Traceback (most recent call last):
  File "/usr/local/lib/python3.8/multiprocessing/process.py", line 313, in _bootstrap
    self.run()
  File "/usr/local/lib/python3.8/multiprocessing/process.py", line 108, in run
    self._target(*self._args, **self._kwargs)
  File "/home/tehpirate/Documents/Kelloggs/test.py", line 18, in createSchedule
    schedule.run_pending()
  File "/home/tehpirate/.local/lib/python3.8/site-packages/schedule/__init__.py", line 780, in run_pending
    default_scheduler.run_pending()
  File "/home/tehpirate/.local/lib/python3.8/site-packages/schedule/__init__.py", line 100, in run_pending
    self._run_job(job)
  File "/home/tehpirate/.local/lib/python3.8/site-packages/schedule/__init__.py", line 172, in _run_job
    ret = job.run()
  File "/home/tehpirate/.local/lib/python3.8/site-packages/schedule/__init__.py", line 661, in run
    ret = self.job_func()
  File "/home/tehpirate/Documents/Kelloggs/test.py", line 10, in checkBirthdays
    accountProcessing = [] if accountQueue.empty() else list(accountQueue.get())
  File "<string>", line 2, in empty
  File "/usr/local/lib/python3.8/multiprocessing/managers.py", line 831, in _callmethod
    self._connect()
  File "/usr/local/lib/python3.8/multiprocessing/managers.py", line 818, in _connect
    conn = self._Client(self._token.address, authkey=self._authkey)
  File "/usr/local/lib/python3.8/multiprocessing/connection.py", line 502, in Client
    c = SocketClient(address)
  File "/usr/local/lib/python3.8/multiprocessing/connection.py", line 629, in SocketClient
    s.connect(address)
FileNotFoundError: [Errno 2] No such file or directory

Solution

  • I've only added Manager.join() (seconds adjusted, obviously) as shown in the documentation to keep the master running and the slaves active. If I remove that line manager.join(), it'll immediately drop to the error message you have.

    from multiprocessing import Process, Manager, Queue
    import schedule
    import time
    
    def checkBirthdays(accountQueue):
        print('[CheckBirthdays] Initated')
        acc = {
            'email': 'demo@test.com'
        }
        accountProcessing = [] if accountQueue.empty() else list(accountQueue.get())
        accountProcessing.append(acc)
        accountQueue.put(accountProcessing) # ****
    
    def createSchedule(accountQueue):
        # similar to cron, executes at a certain time
        schedule.every(1).seconds.do(checkBirthdays, accountQueue)
        while True:
            schedule.run_pending()
            # check every 60 seconds
            time.sleep(1)
    
    def main():
        # FileNotFoundError: [Errno 2] No such file or directory
        manager = Manager()
        accountQueue = manager.Queue()
    
        # RuntimeError: Queue objects should only be shared between processes through inheritance
        # accountQueue = Queue()
        schedule = Process(target=createSchedule, args=(accountQueue,)).start()
        manager.join()  # <--------------------------------
    
    if __name__ == '__main__':
        main()
    

    It's happening because there's an internal machinery that handles the inter-process communication via a Socket in this case. If a master or one of its slaves is killed, the communication tunnel shuts as well, thus it'll say there's no such "file" as in the end, socket is still a (kind of) file on Unix-based systems.

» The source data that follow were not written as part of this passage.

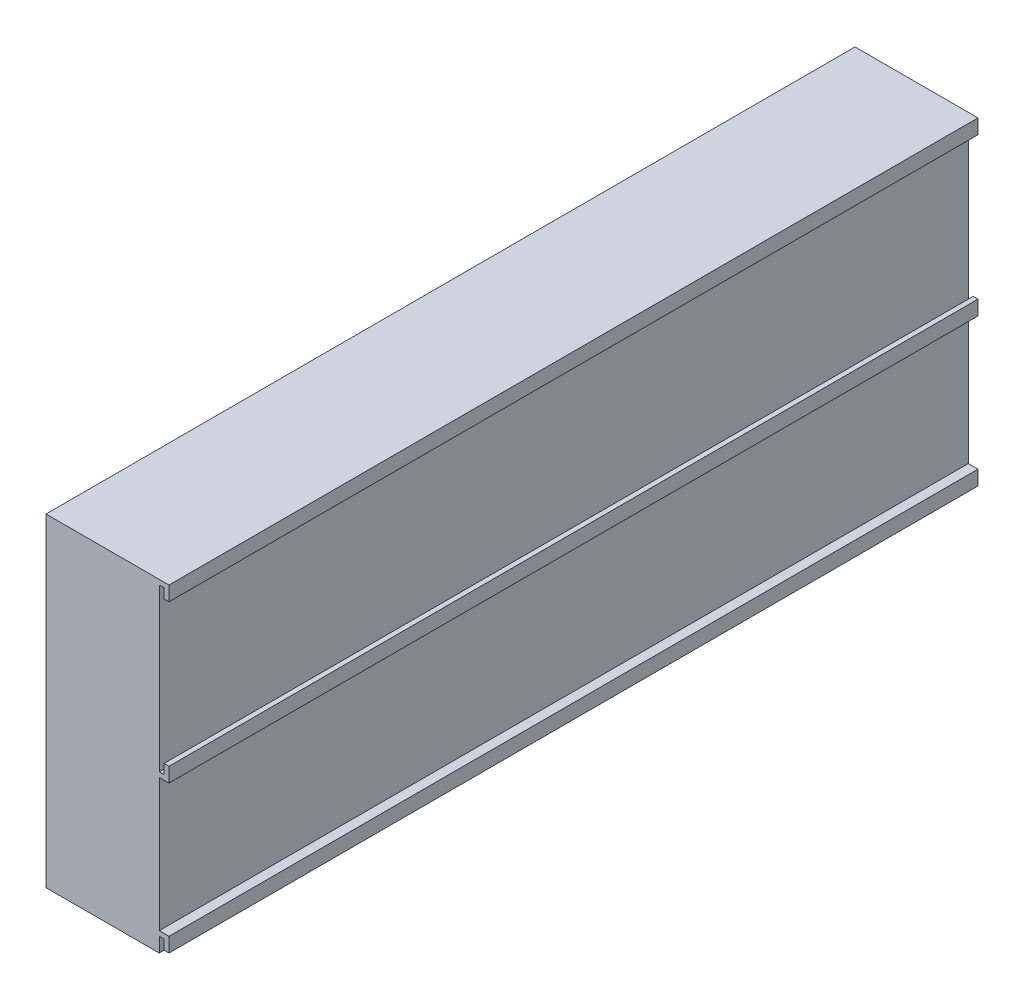
ISO-10303-21;
HEADER;
FILE_DESCRIPTION(('STEP AP214'),'2;1');
FILE_NAME('part.step','',(''),(''),'','','');
FILE_SCHEMA(('AUTOMOTIVE_DESIGN { 1 0 10303 214 1 1 1 1 }'));
ENDSEC;
DATA;
#1=APPLICATION_CONTEXT('core data for automotive mechanical design processes');
#2=APPLICATION_PROTOCOL_DEFINITION('international standard','automotive_design',2000,#1);
#3=PRODUCT_CONTEXT('',#1,'mechanical');
#4=PRODUCT('Part','Part','',(#3));
#5=PRODUCT_RELATED_PRODUCT_CATEGORY('part','',(#4));
#6=PRODUCT_DEFINITION_FORMATION('','',#4);
#7=PRODUCT_DEFINITION_CONTEXT('part definition',#1,'design');
#8=PRODUCT_DEFINITION('design','',#6,#7);
#9=PRODUCT_DEFINITION_SHAPE('','',#8);
#10=(LENGTH_UNIT() NAMED_UNIT(*) SI_UNIT(.MILLI.,.METRE.));
#11=(NAMED_UNIT(*) PLANE_ANGLE_UNIT() SI_UNIT($,.RADIAN.));
#12=(NAMED_UNIT(*) SI_UNIT($,.STERADIAN.) SOLID_ANGLE_UNIT());
#13=UNCERTAINTY_MEASURE_WITH_UNIT(LENGTH_MEASURE(1.E-05),#10,'distance_accuracy_value','');
#14=(GEOMETRIC_REPRESENTATION_CONTEXT(3) GLOBAL_UNCERTAINTY_ASSIGNED_CONTEXT((#13)) GLOBAL_UNIT_ASSIGNED_CONTEXT((#10,
#11,#12)) REPRESENTATION_CONTEXT('',''));
#15=CARTESIAN_POINT('',(0.,0.,0.));
#16=DIRECTION('',(0.,0.,1.));
#17=DIRECTION('',(1.,0.,0.));
#18=AXIS2_PLACEMENT_3D('',#15,#16,#17);
#19=CARTESIAN_POINT('',(-17.5,-50.,250.));
#20=DIRECTION('',(1.,0.,0.));
#21=DIRECTION('',(0.,0.,-1.));
#22=AXIS2_PLACEMENT_3D('',#19,#20,#21);
#23=PLANE('',#22);
#24=DIRECTION('',(0.,-1.,0.));
#25=VECTOR('',#24,1.);
#26=CARTESIAN_POINT('',(-17.5,-50.,0.));
#27=LINE('',#26,#25);
#28=CARTESIAN_POINT('',(-17.5,50.,0.));
#29=VERTEX_POINT('',#28);
#30=CARTESIAN_POINT('',(-17.5,-50.,0.));
#31=VERTEX_POINT('',#30);
#32=EDGE_CURVE('E216',#29,#31,#27,.T.);
#33=ORIENTED_EDGE('',*,*,#32,.T.);
#34=DIRECTION('',(0.,0.,-1.));
#35=VECTOR('',#34,1.);
#36=CARTESIAN_POINT('',(-17.5,-50.,250.));
#37=LINE('',#36,#35);
#38=CARTESIAN_POINT('',(-17.5,-50.,250.));
#39=VERTEX_POINT('',#38);
#40=EDGE_CURVE('E48',#39,#31,#37,.T.);
#41=ORIENTED_EDGE('',*,*,#40,.F.);
#42=DIRECTION('',(0.,-1.,0.));
#43=VECTOR('',#42,1.);
#44=CARTESIAN_POINT('',(-17.5,-50.,250.));
#45=LINE('',#44,#43);
#46=CARTESIAN_POINT('',(-17.5,50.,250.));
#47=VERTEX_POINT('',#46);
#48=EDGE_CURVE('E136',#47,#39,#45,.T.);
#49=ORIENTED_EDGE('',*,*,#48,.F.);
#50=DIRECTION('',(0.,0.,-1.));
#51=VECTOR('',#50,1.);
#52=CARTESIAN_POINT('',(-17.5,50.,250.));
#53=LINE('',#52,#51);
#54=EDGE_CURVE('E11',#47,#29,#53,.T.);
#55=ORIENTED_EDGE('',*,*,#54,.T.);
#56=EDGE_LOOP('',(#33,#41,#49,#55));
#57=FACE_BOUND('',#56,.T.);
#58=ADVANCED_FACE('F39',(#57),#23,.F.);
#59=CARTESIAN_POINT('',(-17.5,-50.,250.));
#60=DIRECTION('',(0.,1.,0.));
#61=DIRECTION('',(0.,0.,1.));
#62=AXIS2_PLACEMENT_3D('',#59,#60,#61);
#63=PLANE('',#62);
#64=DIRECTION('',(1.,0.,0.));
#65=VECTOR('',#64,1.);
#66=CARTESIAN_POINT('',(-17.5,-50.,0.));
#67=LINE('',#66,#65);
#68=CARTESIAN_POINT('',(17.5,-50.,0.));
#69=VERTEX_POINT('',#68);
#70=EDGE_CURVE('E219',#31,#69,#67,.T.);
#71=ORIENTED_EDGE('',*,*,#70,.T.);
#72=DIRECTION('',(0.,0.,-1.));
#73=VECTOR('',#72,1.);
#74=CARTESIAN_POINT('',(17.5,-50.,250.));
#75=LINE('',#74,#73);
#76=CARTESIAN_POINT('',(17.5,-50.,250.));
#77=VERTEX_POINT('',#76);
#78=EDGE_CURVE('E331',#77,#69,#75,.T.);
#79=ORIENTED_EDGE('',*,*,#78,.F.);
#80=DIRECTION('',(1.,0.,0.));
#81=VECTOR('',#80,1.);
#82=CARTESIAN_POINT('',(-17.5,-50.,250.));
#83=LINE('',#82,#81);
#84=EDGE_CURVE('E341',#39,#77,#83,.T.);
#85=ORIENTED_EDGE('',*,*,#84,.F.);
#86=ORIENTED_EDGE('',*,*,#40,.T.);
#87=EDGE_LOOP('',(#71,#79,#85,#86));
#88=FACE_BOUND('',#87,.T.);
#89=ADVANCED_FACE('F339',(#88),#63,.F.);
#90=CARTESIAN_POINT('',(17.5,-50.,250.));
#91=DIRECTION('',(-1.,0.,0.));
#92=DIRECTION('',(0.,0.,1.));
#93=AXIS2_PLACEMENT_3D('',#90,#91,#92);
#94=PLANE('',#93);
#95=DIRECTION('',(0.,1.,0.));
#96=VECTOR('',#95,1.);
#97=CARTESIAN_POINT('',(17.5,-50.,0.));
#98=LINE('',#97,#96);
#99=CARTESIAN_POINT('',(17.5,-45.5,0.));
#100=VERTEX_POINT('',#99);
#101=EDGE_CURVE('E222',#69,#100,#98,.T.);
#102=ORIENTED_EDGE('',*,*,#101,.T.);
#103=DIRECTION('',(0.,0.,-1.));
#104=VECTOR('',#103,1.);
#105=CARTESIAN_POINT('',(17.5,-45.5,250.));
#106=LINE('',#105,#104);
#107=CARTESIAN_POINT('',(17.5,-45.5,250.));
#108=VERTEX_POINT('',#107);
#109=EDGE_CURVE('E327',#108,#100,#106,.T.);
#110=ORIENTED_EDGE('',*,*,#109,.F.);
#111=DIRECTION('',(0.,1.,0.));
#112=VECTOR('',#111,1.);
#113=CARTESIAN_POINT('',(17.5,-50.,250.));
#114=LINE('',#113,#112);
#115=EDGE_CURVE('E361',#77,#108,#114,.T.);
#116=ORIENTED_EDGE('',*,*,#115,.F.);
#117=ORIENTED_EDGE('',*,*,#78,.T.);
#118=EDGE_LOOP('',(#102,#110,#116,#117));
#119=FACE_BOUND('',#118,.T.);
#120=ADVANCED_FACE('F351',(#119),#94,.F.);
#121=CARTESIAN_POINT('',(19.,-45.5,250.));
#122=DIRECTION('',(0.,1.,0.));
#123=DIRECTION('',(0.,0.,1.));
#124=AXIS2_PLACEMENT_3D('',#121,#122,#123);
#125=PLANE('',#124);
#126=DIRECTION('',(1.,0.,0.));
#127=VECTOR('',#126,1.);
#128=CARTESIAN_POINT('',(19.,-45.5,0.));
#129=LINE('',#128,#127);
#130=CARTESIAN_POINT('',(19.,-45.5,0.));
#131=VERTEX_POINT('',#130);
#132=EDGE_CURVE('E225',#100,#131,#129,.T.);
#133=ORIENTED_EDGE('',*,*,#132,.T.);
#134=DIRECTION('',(0.,0.,-1.));
#135=VECTOR('',#134,1.);
#136=CARTESIAN_POINT('',(19.,-45.5,250.));
#137=LINE('',#136,#135);
#138=CARTESIAN_POINT('',(19.,-45.5,250.));
#139=VERTEX_POINT('',#138);
#140=EDGE_CURVE('E323',#139,#131,#137,.T.);
#141=ORIENTED_EDGE('',*,*,#140,.F.);
#142=DIRECTION('',(1.,0.,0.));
#143=VECTOR('',#142,1.);
#144=CARTESIAN_POINT('',(19.,-45.5,250.));
#145=LINE('',#144,#143);
#146=EDGE_CURVE('E357',#108,#139,#145,.T.);
#147=ORIENTED_EDGE('',*,*,#146,.F.);
#148=ORIENTED_EDGE('',*,*,#109,.T.);
#149=EDGE_LOOP('',(#133,#141,#147,#148));
#150=FACE_BOUND('',#149,.T.);
#151=ADVANCED_FACE('F355',(#150),#125,.F.);
#152=CARTESIAN_POINT('',(19.,-48.5,250.));
#153=DIRECTION('',(1.,0.,0.));
#154=DIRECTION('',(0.,1.,0.));
#155=AXIS2_PLACEMENT_3D('',#152,#153,#154);
#156=PLANE('',#155);
#157=DIRECTION('',(0.,-1.,0.));
#158=VECTOR('',#157,1.);
#159=CARTESIAN_POINT('',(19.,-48.5,0.));
#160=LINE('',#159,#158);
#161=CARTESIAN_POINT('',(19.,-48.5,0.));
#162=VERTEX_POINT('',#161);
#163=EDGE_CURVE('E228',#131,#162,#160,.T.);
#164=ORIENTED_EDGE('',*,*,#163,.T.);
#165=DIRECTION('',(0.,0.,-1.));
#166=VECTOR('',#165,1.);
#167=CARTESIAN_POINT('',(19.,-48.5,250.));
#168=LINE('',#167,#166);
#169=CARTESIAN_POINT('',(19.,-48.5,250.));
#170=VERTEX_POINT('',#169);
#171=EDGE_CURVE('E319',#170,#162,#168,.T.);
#172=ORIENTED_EDGE('',*,*,#171,.F.);
#173=DIRECTION('',(0.,-1.,0.));
#174=VECTOR('',#173,1.);
#175=CARTESIAN_POINT('',(19.,-48.5,250.));
#176=LINE('',#175,#174);
#177=EDGE_CURVE('E360',#139,#170,#176,.T.);
#178=ORIENTED_EDGE('',*,*,#177,.F.);
#179=ORIENTED_EDGE('',*,*,#140,.T.);
#180=EDGE_LOOP('',(#164,#172,#178,#179));
#181=FACE_BOUND('',#180,.T.);
#182=ADVANCED_FACE('F435',(#181),#156,.F.);
#183=CARTESIAN_POINT('',(20.5,-48.5,250.));
#184=DIRECTION('',(0.,1.,0.));
#185=DIRECTION('',(0.,0.,1.));
#186=AXIS2_PLACEMENT_3D('',#183,#184,#185);
#187=PLANE('',#186);
#188=DIRECTION('',(1.,0.,0.));
#189=VECTOR('',#188,1.);
#190=CARTESIAN_POINT('',(20.5,-48.5,0.));
#191=LINE('',#190,#189);
#192=CARTESIAN_POINT('',(20.5,-48.5,0.));
#193=VERTEX_POINT('',#192);
#194=EDGE_CURVE('E231',#162,#193,#191,.T.);
#195=ORIENTED_EDGE('',*,*,#194,.T.);
#196=DIRECTION('',(0.,0.,-1.));
#197=VECTOR('',#196,1.);
#198=CARTESIAN_POINT('',(20.5,-48.5,250.));
#199=LINE('',#198,#197);
#200=CARTESIAN_POINT('',(20.5,-48.5,250.));
#201=VERTEX_POINT('',#200);
#202=EDGE_CURVE('E315',#201,#193,#199,.T.);
#203=ORIENTED_EDGE('',*,*,#202,.F.);
#204=DIRECTION('',(1.,0.,0.));
#205=VECTOR('',#204,1.);
#206=CARTESIAN_POINT('',(20.5,-48.5,250.));
#207=LINE('',#206,#205);
#208=EDGE_CURVE('E365',#170,#201,#207,.T.);
#209=ORIENTED_EDGE('',*,*,#208,.F.);
#210=ORIENTED_EDGE('',*,*,#171,.T.);
#211=EDGE_LOOP('',(#195,#203,#209,#210));
#212=FACE_BOUND('',#211,.T.);
#213=ADVANCED_FACE('F438',(#212),#187,.F.);
#214=CARTESIAN_POINT('',(20.5,-44.,250.));
#215=DIRECTION('',(-1.,0.,0.));
#216=DIRECTION('',(0.,0.,1.));
#217=AXIS2_PLACEMENT_3D('',#214,#215,#216);
#218=PLANE('',#217);
#219=DIRECTION('',(0.,1.,0.));
#220=VECTOR('',#219,1.);
#221=CARTESIAN_POINT('',(20.5,-44.,0.));
#222=LINE('',#221,#220);
#223=CARTESIAN_POINT('',(20.5,-44.,0.));
#224=VERTEX_POINT('',#223);
#225=EDGE_CURVE('E234',#193,#224,#222,.T.);
#226=ORIENTED_EDGE('',*,*,#225,.T.);
#227=DIRECTION('',(0.,0.,-1.));
#228=VECTOR('',#227,1.);
#229=CARTESIAN_POINT('',(20.5,-44.,250.));
#230=LINE('',#229,#228);
#231=CARTESIAN_POINT('',(20.5,-44.,250.));
#232=VERTEX_POINT('',#231);
#233=EDGE_CURVE('E311',#232,#224,#230,.T.);
#234=ORIENTED_EDGE('',*,*,#233,.F.);
#235=DIRECTION('',(0.,1.,0.));
#236=VECTOR('',#235,1.);
#237=CARTESIAN_POINT('',(20.5,-44.,250.));
#238=LINE('',#237,#236);
#239=EDGE_CURVE('E372',#201,#232,#238,.T.);
#240=ORIENTED_EDGE('',*,*,#239,.F.);
#241=ORIENTED_EDGE('',*,*,#202,.T.);
#242=EDGE_LOOP('',(#226,#234,#240,#241));
#243=FACE_BOUND('',#242,.T.);
#244=ADVANCED_FACE('F442',(#243),#218,.F.);
#245=CARTESIAN_POINT('',(17.5,-44.,250.));
#246=DIRECTION('',(0.,-1.,0.));
#247=DIRECTION('',(1.,0.,0.));
#248=AXIS2_PLACEMENT_3D('',#245,#246,#247);
#249=PLANE('',#248);
#250=DIRECTION('',(-1.,0.,0.));
#251=VECTOR('',#250,1.);
#252=CARTESIAN_POINT('',(17.5,-44.,0.));
#253=LINE('',#252,#251);
#254=CARTESIAN_POINT('',(17.5,-44.,0.));
#255=VERTEX_POINT('',#254);
#256=EDGE_CURVE('E237',#224,#255,#253,.T.);
#257=ORIENTED_EDGE('',*,*,#256,.T.);
#258=DIRECTION('',(0.,0.,-1.));
#259=VECTOR('',#258,1.);
#260=CARTESIAN_POINT('',(17.5,-44.,250.));
#261=LINE('',#260,#259);
#262=CARTESIAN_POINT('',(17.5,-44.,250.));
#263=VERTEX_POINT('',#262);
#264=EDGE_CURVE('E307',#263,#255,#261,.T.);
#265=ORIENTED_EDGE('',*,*,#264,.F.);
#266=DIRECTION('',(-1.,0.,0.));
#267=VECTOR('',#266,1.);
#268=CARTESIAN_POINT('',(17.5,-44.,250.));
#269=LINE('',#268,#267);
#270=EDGE_CURVE('E375',#232,#263,#269,.T.);
#271=ORIENTED_EDGE('',*,*,#270,.F.);
#272=ORIENTED_EDGE('',*,*,#233,.T.);
#273=EDGE_LOOP('',(#257,#265,#271,#272));
#274=FACE_BOUND('',#273,.T.);
#275=ADVANCED_FACE('F446',(#274),#249,.F.);
#276=CARTESIAN_POINT('',(17.5,-44.,250.));
#277=DIRECTION('',(-1.,0.,0.));
#278=DIRECTION('',(0.,0.,1.));
#279=AXIS2_PLACEMENT_3D('',#276,#277,#278);
#280=PLANE('',#279);
#281=DIRECTION('',(0.,1.,0.));
#282=VECTOR('',#281,1.);
#283=CARTESIAN_POINT('',(17.5,-44.,0.));
#284=LINE('',#283,#282);
#285=CARTESIAN_POINT('',(17.5,-3.,0.));
#286=VERTEX_POINT('',#285);
#287=EDGE_CURVE('E240',#255,#286,#284,.T.);
#288=ORIENTED_EDGE('',*,*,#287,.T.);
#289=DIRECTION('',(0.,0.,-1.));
#290=VECTOR('',#289,1.);
#291=CARTESIAN_POINT('',(17.5,-3.,250.));
#292=LINE('',#291,#290);
#293=CARTESIAN_POINT('',(17.5,-3.,250.));
#294=VERTEX_POINT('',#293);
#295=EDGE_CURVE('E303',#294,#286,#292,.T.);
#296=ORIENTED_EDGE('',*,*,#295,.F.);
#297=DIRECTION('',(0.,1.,0.));
#298=VECTOR('',#297,1.);
#299=CARTESIAN_POINT('',(17.5,-44.,250.));
#300=LINE('',#299,#298);
#301=EDGE_CURVE('E378',#263,#294,#300,.T.);
#302=ORIENTED_EDGE('',*,*,#301,.F.);
#303=ORIENTED_EDGE('',*,*,#264,.T.);
#304=EDGE_LOOP('',(#288,#296,#302,#303));
#305=FACE_BOUND('',#304,.T.);
#306=ADVANCED_FACE('F450',(#305),#280,.F.);
#307=CARTESIAN_POINT('',(17.5,-3.,250.));
#308=DIRECTION('',(0.,1.,0.));
#309=DIRECTION('',(-1.,0.,0.));
#310=AXIS2_PLACEMENT_3D('',#307,#308,#309);
#311=PLANE('',#310);
#312=DIRECTION('',(1.,0.,0.));
#313=VECTOR('',#312,1.);
#314=CARTESIAN_POINT('',(17.5,-3.,0.));
#315=LINE('',#314,#313);
#316=CARTESIAN_POINT('',(20.5,-3.,0.));
#317=VERTEX_POINT('',#316);
#318=EDGE_CURVE('E243',#286,#317,#315,.T.);
#319=ORIENTED_EDGE('',*,*,#318,.T.);
#320=DIRECTION('',(0.,0.,-1.));
#321=VECTOR('',#320,1.);
#322=CARTESIAN_POINT('',(20.5,-3.,250.));
#323=LINE('',#322,#321);
#324=CARTESIAN_POINT('',(20.5,-3.,250.));
#325=VERTEX_POINT('',#324);
#326=EDGE_CURVE('E299',#325,#317,#323,.T.);
#327=ORIENTED_EDGE('',*,*,#326,.F.);
#328=DIRECTION('',(1.,0.,0.));
#329=VECTOR('',#328,1.);
#330=CARTESIAN_POINT('',(17.5,-3.,250.));
#331=LINE('',#330,#329);
#332=EDGE_CURVE('E381',#294,#325,#331,.T.);
#333=ORIENTED_EDGE('',*,*,#332,.F.);
#334=ORIENTED_EDGE('',*,*,#295,.T.);
#335=EDGE_LOOP('',(#319,#327,#333,#334));
#336=FACE_BOUND('',#335,.T.);
#337=ADVANCED_FACE('F454',(#336),#311,.F.);
#338=CARTESIAN_POINT('',(20.5,-3.,250.));
#339=DIRECTION('',(-1.,0.,0.));
#340=DIRECTION('',(0.,0.,1.));
#341=AXIS2_PLACEMENT_3D('',#338,#339,#340);
#342=PLANE('',#341);
#343=DIRECTION('',(0.,1.,0.));
#344=VECTOR('',#343,1.);
#345=CARTESIAN_POINT('',(20.5,-3.,0.));
#346=LINE('',#345,#344);
#347=CARTESIAN_POINT('',(20.5,1.5,0.));
#348=VERTEX_POINT('',#347);
#349=EDGE_CURVE('E246',#317,#348,#346,.T.);
#350=ORIENTED_EDGE('',*,*,#349,.T.);
#351=DIRECTION('',(0.,0.,-1.));
#352=VECTOR('',#351,1.);
#353=CARTESIAN_POINT('',(20.5,1.5,250.));
#354=LINE('',#353,#352);
#355=CARTESIAN_POINT('',(20.5,1.5,250.));
#356=VERTEX_POINT('',#355);
#357=EDGE_CURVE('E295',#356,#348,#354,.T.);
#358=ORIENTED_EDGE('',*,*,#357,.F.);
#359=DIRECTION('',(0.,1.,0.));
#360=VECTOR('',#359,1.);
#361=CARTESIAN_POINT('',(20.5,-3.,250.));
#362=LINE('',#361,#360);
#363=EDGE_CURVE('E384',#325,#356,#362,.T.);
#364=ORIENTED_EDGE('',*,*,#363,.F.);
#365=ORIENTED_EDGE('',*,*,#326,.T.);
#366=EDGE_LOOP('',(#350,#358,#364,#365));
#367=FACE_BOUND('',#366,.T.);
#368=ADVANCED_FACE('F458',(#367),#342,.F.);
#369=CARTESIAN_POINT('',(20.5,1.5,250.));
#370=DIRECTION('',(0.,-1.,0.));
#371=DIRECTION('',(1.,0.,0.));
#372=AXIS2_PLACEMENT_3D('',#369,#370,#371);
#373=PLANE('',#372);
#374=DIRECTION('',(-1.,0.,0.));
#375=VECTOR('',#374,1.);
#376=CARTESIAN_POINT('',(20.5,1.5,0.));
#377=LINE('',#376,#375);
#378=CARTESIAN_POINT('',(19.,1.5,0.));
#379=VERTEX_POINT('',#378);
#380=EDGE_CURVE('E249',#348,#379,#377,.T.);
#381=ORIENTED_EDGE('',*,*,#380,.T.);
#382=DIRECTION('',(0.,0.,-1.));
#383=VECTOR('',#382,1.);
#384=CARTESIAN_POINT('',(19.,1.5,250.));
#385=LINE('',#384,#383);
#386=CARTESIAN_POINT('',(19.,1.5,250.));
#387=VERTEX_POINT('',#386);
#388=EDGE_CURVE('E291',#387,#379,#385,.T.);
#389=ORIENTED_EDGE('',*,*,#388,.F.);
#390=DIRECTION('',(-1.,0.,0.));
#391=VECTOR('',#390,1.);
#392=CARTESIAN_POINT('',(20.5,1.5,250.));
#393=LINE('',#392,#391);
#394=EDGE_CURVE('E387',#356,#387,#393,.T.);
#395=ORIENTED_EDGE('',*,*,#394,.F.);
#396=ORIENTED_EDGE('',*,*,#357,.T.);
#397=EDGE_LOOP('',(#381,#389,#395,#396));
#398=FACE_BOUND('',#397,.T.);
#399=ADVANCED_FACE('F462',(#398),#373,.F.);
#400=CARTESIAN_POINT('',(19.,1.5,250.));
#401=DIRECTION('',(1.,0.,0.));
#402=DIRECTION('',(0.,0.,-1.));
#403=AXIS2_PLACEMENT_3D('',#400,#401,#402);
#404=PLANE('',#403);
#405=DIRECTION('',(0.,-1.,0.));
#406=VECTOR('',#405,1.);
#407=CARTESIAN_POINT('',(19.,1.5,0.));
#408=LINE('',#407,#406);
#409=CARTESIAN_POINT('',(19.,-1.5,0.));
#410=VERTEX_POINT('',#409);
#411=EDGE_CURVE('E252',#379,#410,#408,.T.);
#412=ORIENTED_EDGE('',*,*,#411,.T.);
#413=DIRECTION('',(0.,0.,-1.));
#414=VECTOR('',#413,1.);
#415=CARTESIAN_POINT('',(19.,-1.5,250.));
#416=LINE('',#415,#414);
#417=CARTESIAN_POINT('',(19.,-1.5,250.));
#418=VERTEX_POINT('',#417);
#419=EDGE_CURVE('E287',#418,#410,#416,.T.);
#420=ORIENTED_EDGE('',*,*,#419,.F.);
#421=DIRECTION('',(0.,-1.,0.));
#422=VECTOR('',#421,1.);
#423=CARTESIAN_POINT('',(19.,1.5,250.));
#424=LINE('',#423,#422);
#425=EDGE_CURVE('E390',#387,#418,#424,.T.);
#426=ORIENTED_EDGE('',*,*,#425,.F.);
#427=ORIENTED_EDGE('',*,*,#388,.T.);
#428=EDGE_LOOP('',(#412,#420,#426,#427));
#429=FACE_BOUND('',#428,.T.);
#430=ADVANCED_FACE('F466',(#429),#404,.F.);
#431=CARTESIAN_POINT('',(19.,-1.5,250.));
#432=DIRECTION('',(0.,-1.,0.));
#433=DIRECTION('',(1.,0.,0.));
#434=AXIS2_PLACEMENT_3D('',#431,#432,#433);
#435=PLANE('',#434);
#436=DIRECTION('',(-1.,0.,0.));
#437=VECTOR('',#436,1.);
#438=CARTESIAN_POINT('',(19.,-1.5,0.));
#439=LINE('',#438,#437);
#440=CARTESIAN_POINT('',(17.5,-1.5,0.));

    What manager.join() really does is that it checks if the master (your manager) can discard the slave processes because there's no use for them anymore (last program line executed, crash, etc) or whether to "reschedule" this action to the future and keep running.

    Something like this, in a high-level code sketch:

    import time
    
    while True:  # executed in the master process
        for slave in get_all_slaves():
            state = discard_if_posible(slave)
            # do stuff with the final state from the slave
        time.sleep(0.5)
    

    To go more in-depth, Manager._process is nothing more than a Process instance and here are the join()s:

    Finally, consider using context managers for the classes to prevent shutdown/cleanup issues to happen as well. There's a reason why there are with, __enter__() and __exit__(), especially in the multiprocessing codebase.


    Edit: The code works just fine. Either you haven't provided a minimal working example reproducing your problem or you haven't fixed it by the proposed answer.

    /tmp$ mkdir mpanswer && cd mpanswer
    /tmp/mpanswer$ cat << EOF > main.py 
    > from multiprocessing import Process, Manager, Queue
    > import schedule
    > import time
    > 
    > def checkBirthdays(accountQueue):
    >     print('[CheckBirthdays] Initated')
    >     acc = {
    >         'email': 'demo@test.com'
    >     }
    >     accountProcessing = [] if accountQueue.empty() else list(accountQueue.get())
    >     accountProcessing.append(acc)
    >     accountQueue.put(accountProcessing) # ****
    > 
    > def createSchedule(accountQueue):
    >     # similar to cron, executes at a certain time
    >     schedule.every(1).seconds.do(checkBirthdays, accountQueue)
    >     while True:
    >         schedule.run_pending()
    >         # check every 60 seconds
    >         time.sleep(1)
    > 
    > def main():
    >     # FileNotFoundError: [Errno 2] No such file or directory
    >     manager = Manager()
    >     accountQueue = manager.Queue()
    > 
    >     # RuntimeError: Queue objects should only be shared between processes through inheritance
    >     # accountQueue = Queue()
    >     schedule = Process(target=createSchedule, args=(accountQueue,)).start()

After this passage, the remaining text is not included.